I found my son deceased in his bedroom, he was 26, it was horrific. When the visions come into my mind I push them out by remembering his smiling face and beautiful eyes and the fun person that he was. You have to push hard to get through it, it is not as difficult as the loss itself but a close second. I wish you strength.

Dec 28, 2010
Where did my strength go?

So Glad you found this site. Keep reading you will see that a lot of us replay that horrible day in our mind. It may be a siren that sets us off or a particular day. Time is what tends to space that memory out. Much later it is a blip and we can force ourselves to focus on something more pleasant. I Still remember how my mom looked before she died and my father too. But now it does not bring me to my knees with wailing tears and sorrow.

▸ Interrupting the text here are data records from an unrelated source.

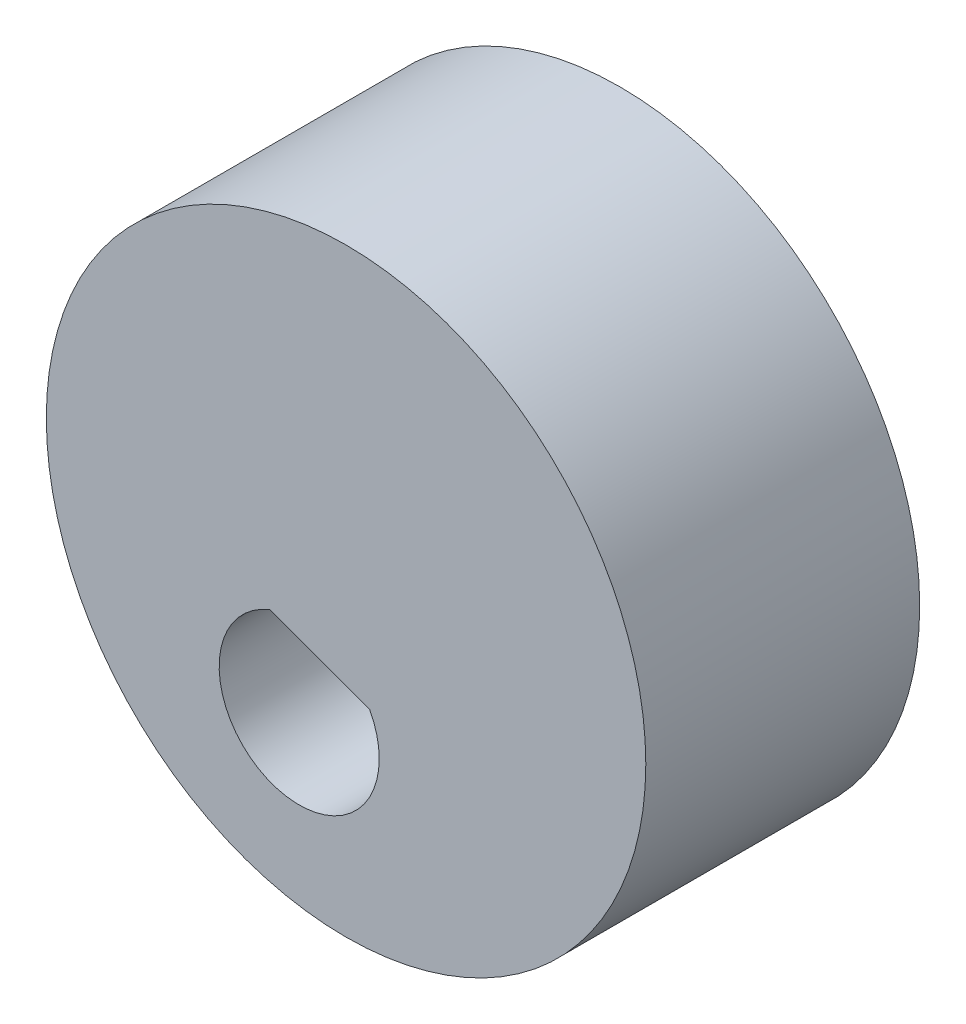
ISO-10303-21;
HEADER;
FILE_DESCRIPTION(('STEP AP214'),'2;1');
FILE_NAME('part.step','',(''),(''),'','','');
FILE_SCHEMA(('AUTOMOTIVE_DESIGN { 1 0 10303 214 1 1 1 1 }'));
ENDSEC;
DATA;
#1=APPLICATION_CONTEXT('core data for automotive mechanical design processes');
#2=APPLICATION_PROTOCOL_DEFINITION('international standard','automotive_design',2000,#1);
#3=PRODUCT_CONTEXT('',#1,'mechanical');
#4=PRODUCT('Part','Part','',(#3));
#5=PRODUCT_RELATED_PRODUCT_CATEGORY('part','',(#4));
#6=PRODUCT_DEFINITION_FORMATION('','',#4);
#7=PRODUCT_DEFINITION_CONTEXT('part definition',#1,'design');
#8=PRODUCT_DEFINITION('design','',#6,#7);
#9=PRODUCT_DEFINITION_SHAPE('','',#8);
#10=(LENGTH_UNIT() NAMED_UNIT(*) SI_UNIT(.MILLI.,.METRE.));
#11=(NAMED_UNIT(*) PLANE_ANGLE_UNIT() SI_UNIT($,.RADIAN.));
#12=(NAMED_UNIT(*) SI_UNIT($,.STERADIAN.) SOLID_ANGLE_UNIT());
#13=UNCERTAINTY_MEASURE_WITH_UNIT(LENGTH_MEASURE(1.E-05),#10,'distance_accuracy_value','');
#14=(GEOMETRIC_REPRESENTATION_CONTEXT(3) GLOBAL_UNCERTAINTY_ASSIGNED_CONTEXT((#13)) GLOBAL_UNIT_ASSIGNED_CONTEXT((#10,
#11,#12)) REPRESENTATION_CONTEXT('',''));
#15=CARTESIAN_POINT('',(0.,0.,0.));
#16=DIRECTION('',(0.,0.,1.));
#17=DIRECTION('',(1.,0.,0.));
#18=AXIS2_PLACEMENT_3D('',#15,#16,#17);
#19=CARTESIAN_POINT('',(-18.6021996740164,-32.8961085016023,-28.9068392376012));
#20=DIRECTION('',(0.,0.,-1.));
#21=DIRECTION('',(-1.,0.,0.));
#22=AXIS2_PLACEMENT_3D('',#19,#20,#21);
#23=CYLINDRICAL_SURFACE('',#22,9.85);
#24=CARTESIAN_POINT('',(-18.6021996740164,-32.8961085016023,-65.7668464163512));
#25=DIRECTION('',(0.,0.,1.));
#26=DIRECTION('',(1.,0.,0.));
#27=AXIS2_PLACEMENT_3D('',#24,#25,#26);
#28=CIRCLE('',#27,9.85);
#29=CARTESIAN_POINT('',(-8.7521996740164,-32.8961085016023,-65.7668464163512));
#30=VERTEX_POINT('',#29);
#31=EDGE_CURVE('E69',#30,#30,#28,.T.);
#32=ORIENTED_EDGE('',*,*,#31,.T.);
#33=EDGE_LOOP('',(#32));
#34=FACE_BOUND('',#33,.T.);
#35=CARTESIAN_POINT('',(-18.6021996740164,-32.8961085016023,-56.7668464163512));
#36=DIRECTION('',(0.,0.,1.));
#37=DIRECTION('',(1.,0.,0.));
#38=AXIS2_PLACEMENT_3D('',#35,#36,#37);
#39=CIRCLE('',#38,9.85);
#40=CARTESIAN_POINT('',(-8.7521996740164,-32.8961085016023,-56.7668464163512));
#41=VERTEX_POINT('',#40);
#42=EDGE_CURVE('E11',#41,#41,#39,.T.);
#43=ORIENTED_EDGE('',*,*,#42,.F.);
#44=EDGE_LOOP('',(#43));
#45=FACE_BOUND('',#44,.T.);
#46=ADVANCED_FACE('F39',(#34,#45),#23,.T.);
#47=CARTESIAN_POINT('',(-18.6021996740164,-32.8961085016023,-65.7668464163512));
#48=DIRECTION('',(0.,0.,1.));
#49=DIRECTION('',(1.,0.,0.));
#50=AXIS2_PLACEMENT_3D('',#47,#48,#49);
#51=PLANE('',#50);
#52=ORIENTED_EDGE('',*,*,#31,.F.);
#53=EDGE_LOOP('',(#52));
#54=FACE_BOUND('',#53,.T.);
#55=CARTESIAN_POINT('',(-20.1421615834172,-37.1244080791623,-65.7668464163512));
#56=DIRECTION('',(0.,0.,1.));
#57=DIRECTION('',(-1.,0.,0.));
#58=AXIS2_PLACEMENT_3D('',#55,#56,#57);
#59=CIRCLE('',#58,2.63000000000005);
#60=CARTESIAN_POINT('',(-21.0951887710412,-34.6731555055483,-65.7668464163512));
#61=VERTEX_POINT('',#60);
#62=CARTESIAN_POINT('',(-17.8256772359992,-35.8790967654066,-65.7668464163512));
#63=VERTEX_POINT('',#62);
#64=EDGE_CURVE('E73',#61,#63,#59,.T.);
#65=ORIENTED_EDGE('',*,*,#64,.T.);
#66=DIRECTION('',(-0.938214184611633,0.346055116698959,0.));
#67=VECTOR('',#66,1.);
#68=CARTESIAN_POINT('',(-21.0951887710412,-34.6731555055483,-65.7668464163512));
#69=LINE('',#68,#67);
#70=EDGE_CURVE('E77',#63,#61,#69,.T.);
#71=ORIENTED_EDGE('',*,*,#70,.T.);
#72=EDGE_LOOP('',(#65,#71));
#73=FACE_BOUND('',#72,.T.);
#74=ADVANCED_FACE('F85',(#54,#73),#51,.F.);
#75=CARTESIAN_POINT('',(-21.0951887710412,-34.6731555055483,-28.9068392376012));
#76=DIRECTION('',(-0.346055116698959,-0.938214184611632,0.));
#77=DIRECTION('',(0.938214184611633,-0.346055116698959,0.));
#78=AXIS2_PLACEMENT_3D('',#75,#76,#77);
#79=PLANE('',#78);
#80=DIRECTION('',(0.,0.,-1.));
#81=VECTOR('',#80,1.);
#82=CARTESIAN_POINT('',(-17.8256772359992,-35.8790967654066,-28.9068392376012));
#83=LINE('',#82,#81);
#84=CARTESIAN_POINT('',(-17.8256772359992,-35.8790967654066,-56.7668464163512));
#85=VERTEX_POINT('',#84);
#86=EDGE_CURVE('E72',#85,#63,#83,.T.);
#87=ORIENTED_EDGE('',*,*,#86,.F.);
#88=DIRECTION('',(-0.938214184611633,0.346055116698959,0.));
#89=VECTOR('',#88,1.);
#90=CARTESIAN_POINT('',(-21.0951887710412,-34.6731555055483,-56.7668464163512));
#91=LINE('',#90,#89);
#92=CARTESIAN_POINT('',(-21.0951887710412,-34.6731555055483,-56.7668464163512));
#93=VERTEX_POINT('',#92);
#94=EDGE_CURVE('E42',#85,#93,#91,.T.);
#95=ORIENTED_EDGE('',*,*,#94,.T.);
#96=DIRECTION('',(0.,0.,-1.));
#97=VECTOR('',#96,1.);
#98=CARTESIAN_POINT('',(-21.0951887710412,-34.6731555055483,-28.9068392376012));
#99=LINE('',#98,#97);
#100=EDGE_CURVE('E60',#93,#61,#99,.T.);
#101=ORIENTED_EDGE('',*,*,#100,.T.);
#102=ORIENTED_EDGE('',*,*,#70,.F.);
#103=EDGE_LOOP('',(#87,#95,#101,#102));
#104=FACE_BOUND('',#103,.T.);
#105=ADVANCED_FACE('F75',(#104),#79,.T.);
#106=CARTESIAN_POINT('',(-20.1421615834172,-37.1244080791623,-28.9068392376012));
#107=DIRECTION('',(0.,0.,-1.));
#108=DIRECTION('',(-1.,0.,0.));
#109=AXIS2_PLACEMENT_3D('',#106,#107,#108);
#110=CYLINDRICAL_SURFACE('',#109,2.63000000000005);
#111=ORIENTED_EDGE('',*,*,#100,.F.);
#112=CARTESIAN_POINT('',(-20.1421615834172,-37.1244080791623,-56.7668464163512));
#113=DIRECTION('',(0.,0.,1.));
#114=DIRECTION('',(1.,0.,0.));
#115=AXIS2_PLACEMENT_3D('',#112,#113,#114);
#116=CIRCLE('',#115,2.63000000000005);
#117=EDGE_CURVE('E53',#93,#85,#116,.T.);
#118=ORIENTED_EDGE('',*,*,#117,.T.);
#119=ORIENTED_EDGE('',*,*,#86,.T.);
#120=ORIENTED_EDGE('',*,*,#64,.F.);
#121=EDGE_LOOP('',(#111,#118,#119,#120));
#122=FACE_BOUND('',#121,.T.);
#123=ADVANCED_FACE('F71',(#122),#110,.F.);
#124=CARTESIAN_POINT('',(-89.9516647288955,-31.1661177037597,-56.7668464163512));
#125=DIRECTION('',(0.,0.,1.));
#126=DIRECTION('',(-0.0392098993163996,-0.999230996214388,0.));
#127=AXIS2_PLACEMENT_3D('',#124,#125,#126);
#128=PLANE('',#127);
#129=ORIENTED_EDGE('',*,*,#117,.F.);
#130=ORIENTED_EDGE('',*,*,#94,.F.);
#131=EDGE_LOOP('',(#129,#130));
#132=FACE_BOUND('',#131,.T.);
#133=ORIENTED_EDGE('',*,*,#42,.T.);
#134=EDGE_LOOP('',(#133));
#135=FACE_BOUND('',#134,.T.);
#136=ADVANCED_FACE('F66',(#132,#135),#128,.T.);
#137=CLOSED_SHELL('',(#46,#74,#105,#123,#136));
#138=MANIFOLD_SOLID_BREP('B2',#137);
#139=ADVANCED_BREP_SHAPE_REPRESENTATION('',(#18,#138),#14);
#140=SHAPE_DEFINITION_REPRESENTATION(#9,#139);
ENDSEC;
END-ISO-10303-21;

Counseling is a good idea too because wrapped in there some where is guilt, though your conscious mind knows that you did every thing that you could. Talking to someone one on one helps to bring to light what you already know. It wasn't your fault, she knows that you loved her and many other repetitive thoughts that plague our mind.

And remember to breathe one breath, one step at a time that's all you can do.

Dec 28, 2010
I Feel Your Pain
by: Trish J

Trust me when I say I feel your pain. I lost my husband almost 4 weeks ago. I heard a loud bang in May 2007 and found my husband laying on the kitchen floor, no pulse, eyes fixed and unresponsive. I gave him CPR and called the paramedics. He fought to live for the next 3 1/2 years, was placed on the cardiac transplant list, but didn't make it. For months after I found him, every time I walked into the kitchen I swear I saw him laying on the floor. I became instantly nauseated, my hands shook, my legs quivered. I finally had to seek professional help because I lived in constant fear that this would happen to my husband again. It did happen again, too many times that I could even tell you.

Don't be afraid to ask for help. The shock of finding someone you love like we both did is overwhelming. I have a very strong faith but I believe God wants us to seek help from professionals when we need it. He is the one who gave them the ability to know what they know. If you trust your family doctor go to him. I am a former medical practice administrator and I know that a lot of family practitioners (or internists) are too quick to hand out medications that they really don't know that much about.

Don't think that seeking mental health help makes you weak (especially being of the male species). We are humans and with the shock of what you experienced (my counsellor told me I was suffering from Post Traumatic Stess Disorder PTSD) is something you probably need help with. It's a complete shock to you, physically, emotionally, and a shock to your brain. You're probably still feeling numb right now and as we go into the new year you may find that things will get harder to cope with (if you can even imagine that). Cancer is an ugly word as is Congestive Heart Failure ~ that took my husband's life.

If you have a strong faith ask for God's help. He will guide you in the right direction. I've been praying for relief from my pain and to me it feels as if God isn't answering my prayers. It's not happening fast enough for me. I just have to keep praying and be patient.

My grieving started about 1 year ago as I gradually came to feel in my heart that my husband wasn't going to get better. We clung to the hope that he would get a transplant but somehow I felt in my soul that wasn't going to happen. We both tried to be so optimistic but ugly reality stared us both in the face daily.

God's blessings to you. I will be thinking about you. I too live in Illinois (near Chicago). Doesn't winter suck?

Dec 28, 2010
by: Colleen

My husband Bruce was diagnosed with spinal cancer on the 12 September 2010, we were told it was treatable but he died on the 16 November 2010. I will never forget walking into the hospital on that morning and watch him take his last breath. All I can say to you is let yourself grieve and do not be afraid of the tears. Do not let anyone tell you what to feel and when. You will be told some really strange things eg: she is in a better place. Try not to let these comments upset you and come here often and write your feelings down, it does help.